Thursday, September 11, 2008

group work : parenting

We've been in school for a week, and I just had my students do group work for the first time yesterday. We're doing background knowledge work in order to read "The Crucible" and I had the students look at political cartoon depicting the McCarthy Era in order to understand the idea of scapegoating, mass hysteria, etc. Unfortunately, due to our current political climate, I have never had an easier time explaining this phenomenon to a group of youth. They totally get it. But that's not the point of my post today.

Of course, the usual roles emerge in group work: the girl who will write but won't talk, the boy who stands up and explains perfectly the entire exercise after screwing around the whole period, the group that doesn't complete it, the group that completes it in five minutes and is bored...You probably remember these exercises.
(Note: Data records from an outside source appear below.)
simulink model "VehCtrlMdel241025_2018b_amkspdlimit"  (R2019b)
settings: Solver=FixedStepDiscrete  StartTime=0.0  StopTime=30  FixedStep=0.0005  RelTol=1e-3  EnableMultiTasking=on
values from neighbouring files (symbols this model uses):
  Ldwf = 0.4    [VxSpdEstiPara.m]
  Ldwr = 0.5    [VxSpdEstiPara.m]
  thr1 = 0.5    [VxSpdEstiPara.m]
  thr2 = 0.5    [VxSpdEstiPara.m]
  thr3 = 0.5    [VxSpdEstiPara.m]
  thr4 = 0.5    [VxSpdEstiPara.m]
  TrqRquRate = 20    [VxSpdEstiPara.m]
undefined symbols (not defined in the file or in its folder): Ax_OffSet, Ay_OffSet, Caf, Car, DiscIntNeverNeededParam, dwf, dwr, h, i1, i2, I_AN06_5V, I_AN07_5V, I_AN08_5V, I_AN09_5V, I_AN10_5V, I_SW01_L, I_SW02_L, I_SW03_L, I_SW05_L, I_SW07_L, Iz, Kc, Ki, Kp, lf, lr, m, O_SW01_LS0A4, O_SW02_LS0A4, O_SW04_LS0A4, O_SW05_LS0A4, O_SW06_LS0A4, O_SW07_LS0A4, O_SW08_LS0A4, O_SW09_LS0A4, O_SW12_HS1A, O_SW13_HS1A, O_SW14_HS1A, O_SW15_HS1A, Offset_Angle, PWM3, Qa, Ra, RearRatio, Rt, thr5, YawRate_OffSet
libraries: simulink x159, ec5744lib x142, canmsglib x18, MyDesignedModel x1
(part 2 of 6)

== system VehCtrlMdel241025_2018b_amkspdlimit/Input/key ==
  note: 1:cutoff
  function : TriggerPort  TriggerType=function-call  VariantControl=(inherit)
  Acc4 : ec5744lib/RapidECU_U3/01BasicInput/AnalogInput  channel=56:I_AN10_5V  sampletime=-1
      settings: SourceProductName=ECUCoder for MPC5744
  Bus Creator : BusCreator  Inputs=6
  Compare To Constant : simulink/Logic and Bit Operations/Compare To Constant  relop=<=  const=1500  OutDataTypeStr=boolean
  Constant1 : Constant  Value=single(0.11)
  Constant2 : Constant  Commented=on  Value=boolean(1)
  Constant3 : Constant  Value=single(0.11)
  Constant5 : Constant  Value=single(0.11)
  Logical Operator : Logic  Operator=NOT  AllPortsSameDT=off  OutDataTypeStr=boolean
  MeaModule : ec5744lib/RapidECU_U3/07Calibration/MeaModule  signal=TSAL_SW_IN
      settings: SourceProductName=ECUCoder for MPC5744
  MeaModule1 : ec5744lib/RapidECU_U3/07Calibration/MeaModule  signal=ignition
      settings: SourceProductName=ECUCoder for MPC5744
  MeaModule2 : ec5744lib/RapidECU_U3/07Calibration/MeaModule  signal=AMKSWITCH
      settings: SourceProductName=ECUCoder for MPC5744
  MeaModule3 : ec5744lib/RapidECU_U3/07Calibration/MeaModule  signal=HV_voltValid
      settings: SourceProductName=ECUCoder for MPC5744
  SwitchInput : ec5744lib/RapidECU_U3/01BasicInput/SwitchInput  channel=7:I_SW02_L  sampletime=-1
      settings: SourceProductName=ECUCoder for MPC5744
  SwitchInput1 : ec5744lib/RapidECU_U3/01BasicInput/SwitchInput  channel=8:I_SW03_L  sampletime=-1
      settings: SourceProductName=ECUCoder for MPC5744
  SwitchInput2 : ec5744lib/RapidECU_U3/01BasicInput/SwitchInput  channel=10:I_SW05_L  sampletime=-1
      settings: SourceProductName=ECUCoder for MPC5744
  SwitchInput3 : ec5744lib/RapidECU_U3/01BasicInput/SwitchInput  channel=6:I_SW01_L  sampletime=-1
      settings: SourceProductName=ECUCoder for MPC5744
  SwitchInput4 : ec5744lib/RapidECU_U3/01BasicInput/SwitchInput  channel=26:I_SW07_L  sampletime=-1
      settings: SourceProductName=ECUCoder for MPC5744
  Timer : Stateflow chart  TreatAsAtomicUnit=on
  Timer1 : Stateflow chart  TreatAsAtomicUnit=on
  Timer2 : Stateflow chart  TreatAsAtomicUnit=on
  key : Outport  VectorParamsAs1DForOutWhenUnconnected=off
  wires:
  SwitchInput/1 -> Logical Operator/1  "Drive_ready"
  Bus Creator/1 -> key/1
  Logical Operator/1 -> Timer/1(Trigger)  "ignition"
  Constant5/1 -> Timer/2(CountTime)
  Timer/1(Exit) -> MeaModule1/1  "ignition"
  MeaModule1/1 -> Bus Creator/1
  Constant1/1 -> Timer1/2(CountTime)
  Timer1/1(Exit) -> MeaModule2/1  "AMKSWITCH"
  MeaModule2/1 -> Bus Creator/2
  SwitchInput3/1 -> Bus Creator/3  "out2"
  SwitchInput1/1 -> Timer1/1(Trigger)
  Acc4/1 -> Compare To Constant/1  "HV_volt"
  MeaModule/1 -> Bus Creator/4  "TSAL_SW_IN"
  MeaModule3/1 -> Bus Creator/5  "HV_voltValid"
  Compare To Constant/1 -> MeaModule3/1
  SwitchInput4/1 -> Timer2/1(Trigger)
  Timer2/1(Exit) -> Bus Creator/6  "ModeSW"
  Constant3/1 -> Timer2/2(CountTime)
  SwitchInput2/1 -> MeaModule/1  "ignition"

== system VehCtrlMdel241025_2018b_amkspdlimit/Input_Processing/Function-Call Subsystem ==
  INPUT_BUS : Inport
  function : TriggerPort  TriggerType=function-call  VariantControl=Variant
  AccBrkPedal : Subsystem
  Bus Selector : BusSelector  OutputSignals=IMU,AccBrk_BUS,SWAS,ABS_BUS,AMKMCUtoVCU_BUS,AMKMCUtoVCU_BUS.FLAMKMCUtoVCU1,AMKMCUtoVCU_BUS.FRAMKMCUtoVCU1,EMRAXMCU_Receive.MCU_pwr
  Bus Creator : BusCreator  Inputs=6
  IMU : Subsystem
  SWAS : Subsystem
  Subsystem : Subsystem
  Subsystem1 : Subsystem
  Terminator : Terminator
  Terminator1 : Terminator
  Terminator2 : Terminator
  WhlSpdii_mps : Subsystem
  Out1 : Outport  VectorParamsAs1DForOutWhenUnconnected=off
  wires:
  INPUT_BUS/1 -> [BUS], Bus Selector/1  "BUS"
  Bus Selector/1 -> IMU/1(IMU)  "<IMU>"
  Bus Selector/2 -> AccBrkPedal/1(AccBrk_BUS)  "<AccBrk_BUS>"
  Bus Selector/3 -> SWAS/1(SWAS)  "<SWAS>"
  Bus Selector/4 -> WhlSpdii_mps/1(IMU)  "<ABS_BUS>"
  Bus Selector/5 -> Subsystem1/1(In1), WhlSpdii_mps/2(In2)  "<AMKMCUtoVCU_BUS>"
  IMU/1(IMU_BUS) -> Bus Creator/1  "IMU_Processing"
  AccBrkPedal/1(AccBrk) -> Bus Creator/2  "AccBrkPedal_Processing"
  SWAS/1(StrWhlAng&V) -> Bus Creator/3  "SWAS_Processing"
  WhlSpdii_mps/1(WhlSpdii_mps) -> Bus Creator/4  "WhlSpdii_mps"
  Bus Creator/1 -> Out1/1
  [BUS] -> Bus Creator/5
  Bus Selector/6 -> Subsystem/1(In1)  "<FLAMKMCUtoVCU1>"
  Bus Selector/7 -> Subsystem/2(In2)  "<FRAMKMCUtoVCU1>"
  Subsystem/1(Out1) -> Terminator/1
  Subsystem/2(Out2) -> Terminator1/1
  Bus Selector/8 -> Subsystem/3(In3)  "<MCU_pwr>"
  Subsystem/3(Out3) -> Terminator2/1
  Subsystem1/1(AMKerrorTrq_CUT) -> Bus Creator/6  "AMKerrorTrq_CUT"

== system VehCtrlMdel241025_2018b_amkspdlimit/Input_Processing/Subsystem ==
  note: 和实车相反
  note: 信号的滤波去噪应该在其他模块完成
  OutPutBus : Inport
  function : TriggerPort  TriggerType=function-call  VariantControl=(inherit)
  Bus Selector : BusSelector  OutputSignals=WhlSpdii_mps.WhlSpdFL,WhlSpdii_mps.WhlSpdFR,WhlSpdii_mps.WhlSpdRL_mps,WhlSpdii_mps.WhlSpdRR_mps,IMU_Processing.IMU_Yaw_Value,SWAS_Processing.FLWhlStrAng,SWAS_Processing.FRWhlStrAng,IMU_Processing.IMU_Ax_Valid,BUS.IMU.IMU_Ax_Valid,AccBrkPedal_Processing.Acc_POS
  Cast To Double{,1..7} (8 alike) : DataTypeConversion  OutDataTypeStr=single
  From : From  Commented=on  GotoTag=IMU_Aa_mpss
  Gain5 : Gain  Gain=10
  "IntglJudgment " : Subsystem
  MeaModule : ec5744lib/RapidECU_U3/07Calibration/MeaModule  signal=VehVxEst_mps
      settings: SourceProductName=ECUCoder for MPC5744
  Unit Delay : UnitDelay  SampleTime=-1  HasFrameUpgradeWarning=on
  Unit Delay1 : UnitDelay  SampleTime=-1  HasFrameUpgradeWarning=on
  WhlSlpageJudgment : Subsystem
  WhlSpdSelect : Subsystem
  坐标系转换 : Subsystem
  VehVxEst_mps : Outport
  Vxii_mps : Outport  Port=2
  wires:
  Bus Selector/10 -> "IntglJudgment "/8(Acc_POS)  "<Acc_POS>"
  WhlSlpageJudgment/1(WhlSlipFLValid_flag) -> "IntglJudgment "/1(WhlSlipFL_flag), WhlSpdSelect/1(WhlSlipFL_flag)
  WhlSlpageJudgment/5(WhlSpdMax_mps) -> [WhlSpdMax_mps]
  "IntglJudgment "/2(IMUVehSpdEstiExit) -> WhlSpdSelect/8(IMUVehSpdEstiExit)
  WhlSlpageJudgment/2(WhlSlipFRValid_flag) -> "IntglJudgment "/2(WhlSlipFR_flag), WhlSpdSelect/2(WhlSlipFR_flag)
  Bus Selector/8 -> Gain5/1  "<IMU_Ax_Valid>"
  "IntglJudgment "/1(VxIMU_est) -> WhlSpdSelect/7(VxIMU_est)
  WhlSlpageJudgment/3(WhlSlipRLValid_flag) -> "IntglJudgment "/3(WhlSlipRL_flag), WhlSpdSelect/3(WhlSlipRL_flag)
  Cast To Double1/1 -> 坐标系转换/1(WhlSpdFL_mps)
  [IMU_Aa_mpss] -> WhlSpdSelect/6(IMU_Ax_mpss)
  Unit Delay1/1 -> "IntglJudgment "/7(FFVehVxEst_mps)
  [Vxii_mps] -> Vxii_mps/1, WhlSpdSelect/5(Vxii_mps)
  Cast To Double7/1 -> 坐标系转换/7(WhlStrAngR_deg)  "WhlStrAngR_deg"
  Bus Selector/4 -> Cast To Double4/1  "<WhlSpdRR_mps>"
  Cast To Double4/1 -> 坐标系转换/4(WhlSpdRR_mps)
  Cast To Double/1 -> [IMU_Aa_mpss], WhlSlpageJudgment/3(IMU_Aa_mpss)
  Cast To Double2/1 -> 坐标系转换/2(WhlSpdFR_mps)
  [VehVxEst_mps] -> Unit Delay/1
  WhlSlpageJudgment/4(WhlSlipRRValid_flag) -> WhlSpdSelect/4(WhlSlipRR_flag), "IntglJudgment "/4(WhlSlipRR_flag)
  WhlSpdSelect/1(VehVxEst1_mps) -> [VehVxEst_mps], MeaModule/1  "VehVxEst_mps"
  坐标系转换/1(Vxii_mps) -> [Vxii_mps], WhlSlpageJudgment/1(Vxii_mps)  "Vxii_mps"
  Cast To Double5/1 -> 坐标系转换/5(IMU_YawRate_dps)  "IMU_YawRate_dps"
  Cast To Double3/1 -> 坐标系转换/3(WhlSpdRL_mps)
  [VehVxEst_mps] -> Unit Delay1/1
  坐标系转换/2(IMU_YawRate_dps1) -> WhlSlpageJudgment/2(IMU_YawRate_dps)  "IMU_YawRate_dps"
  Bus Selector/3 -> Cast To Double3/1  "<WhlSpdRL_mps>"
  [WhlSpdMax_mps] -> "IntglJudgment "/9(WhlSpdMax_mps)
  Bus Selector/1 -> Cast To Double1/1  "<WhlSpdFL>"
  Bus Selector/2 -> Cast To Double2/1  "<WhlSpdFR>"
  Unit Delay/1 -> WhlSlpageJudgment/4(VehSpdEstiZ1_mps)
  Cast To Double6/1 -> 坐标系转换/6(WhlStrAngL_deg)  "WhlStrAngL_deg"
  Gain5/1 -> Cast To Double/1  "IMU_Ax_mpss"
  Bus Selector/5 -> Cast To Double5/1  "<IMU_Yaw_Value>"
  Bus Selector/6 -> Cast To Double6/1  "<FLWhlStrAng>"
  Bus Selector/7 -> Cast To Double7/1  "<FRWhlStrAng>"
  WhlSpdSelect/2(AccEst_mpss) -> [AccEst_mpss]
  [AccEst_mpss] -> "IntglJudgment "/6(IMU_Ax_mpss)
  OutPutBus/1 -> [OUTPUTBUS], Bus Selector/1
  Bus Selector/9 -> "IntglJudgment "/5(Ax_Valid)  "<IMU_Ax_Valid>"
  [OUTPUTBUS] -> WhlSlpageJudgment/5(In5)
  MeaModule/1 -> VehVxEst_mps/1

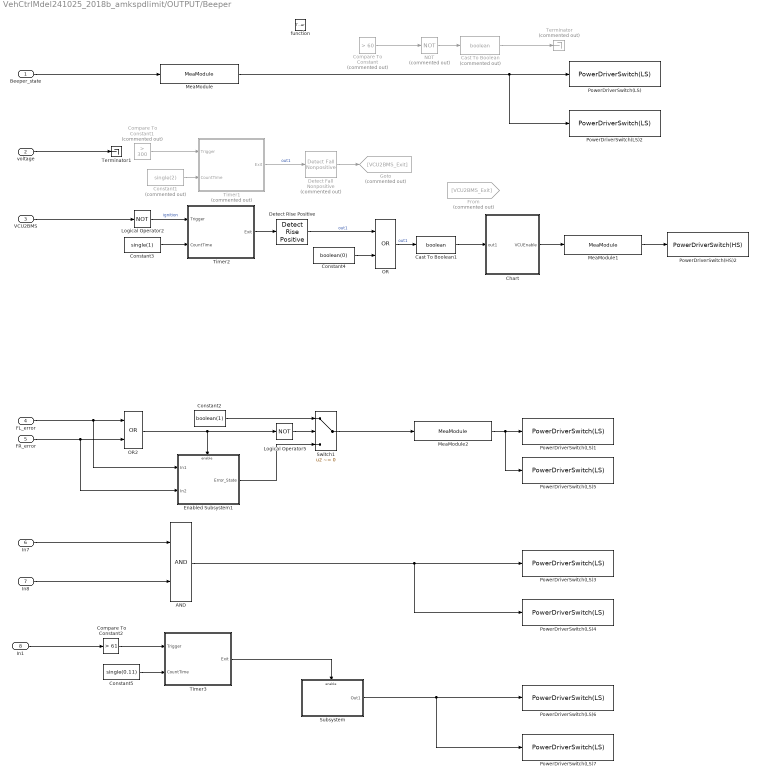
== system VehCtrlMdel241025_2018b_amkspdlimit/OUTPUT/Beeper ==
  Beeper_state : Inport
  voltage : Inport  Port=2
  VCU2BMS : Inport  Port=3
  FL_error : Inport  Port=4
  FR_error : Inport  Port=5
  In7 : Inport  Port=6
  In8 : Inport  Port=7
  In1 : Inport  Port=8
  function : TriggerPort  TriggerType=function-call  VariantControl=(inherit)
  AND : Logic  AllPortsSameDT=off  OutDataTypeStr=boolean
  Cast To Boolean : DataTypeConversion  Commented=on  OutDataTypeStr=boolean
  Cast To Boolean1 : DataTypeConversion  OutDataTypeStr=boolean
  Chart : Stateflow chart  BlockKeywords=__PRM__SERIALIZED__DATA__:Stateflow Chart,Stateflow Diagram  TreatAsAtomicUnit=on
  Compare To Constant : simulink/Logic and Bit Operations/Compare To Constant  Commented=on  relop=>  const=60  OutDataTypeStr=boolean
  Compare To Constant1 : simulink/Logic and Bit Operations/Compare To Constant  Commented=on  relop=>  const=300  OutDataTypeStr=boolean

I always found group work so useless. Being the control freak that I am, I just wanted to do it all so that it was done right. I wanted to write in marker b/c I have always had nice handwriting. I would bite my tongue from telling others, "No, don't say that, that sounds stupid." I'd try not to wince as a not-so-eloquent group member explained our work and missed the whole point. You wouldn't believe how much group work is involved in the doctoral process. I am so thankful to be done with coursework and hope I never have to do group work again as long as I live.

And then we had a baby. Our marriage was literally smooth like butter until our little baby girl came along. Then it was constant negotiation. Bedtimes, what to eat, when to start solids, when to wean, how to travel, who to travel to see, money, money, money! Ahhhhh! It's like group work hell all over again. And even though my husband Adam is competent and loving and the best dad, group work is never a 50-50 split.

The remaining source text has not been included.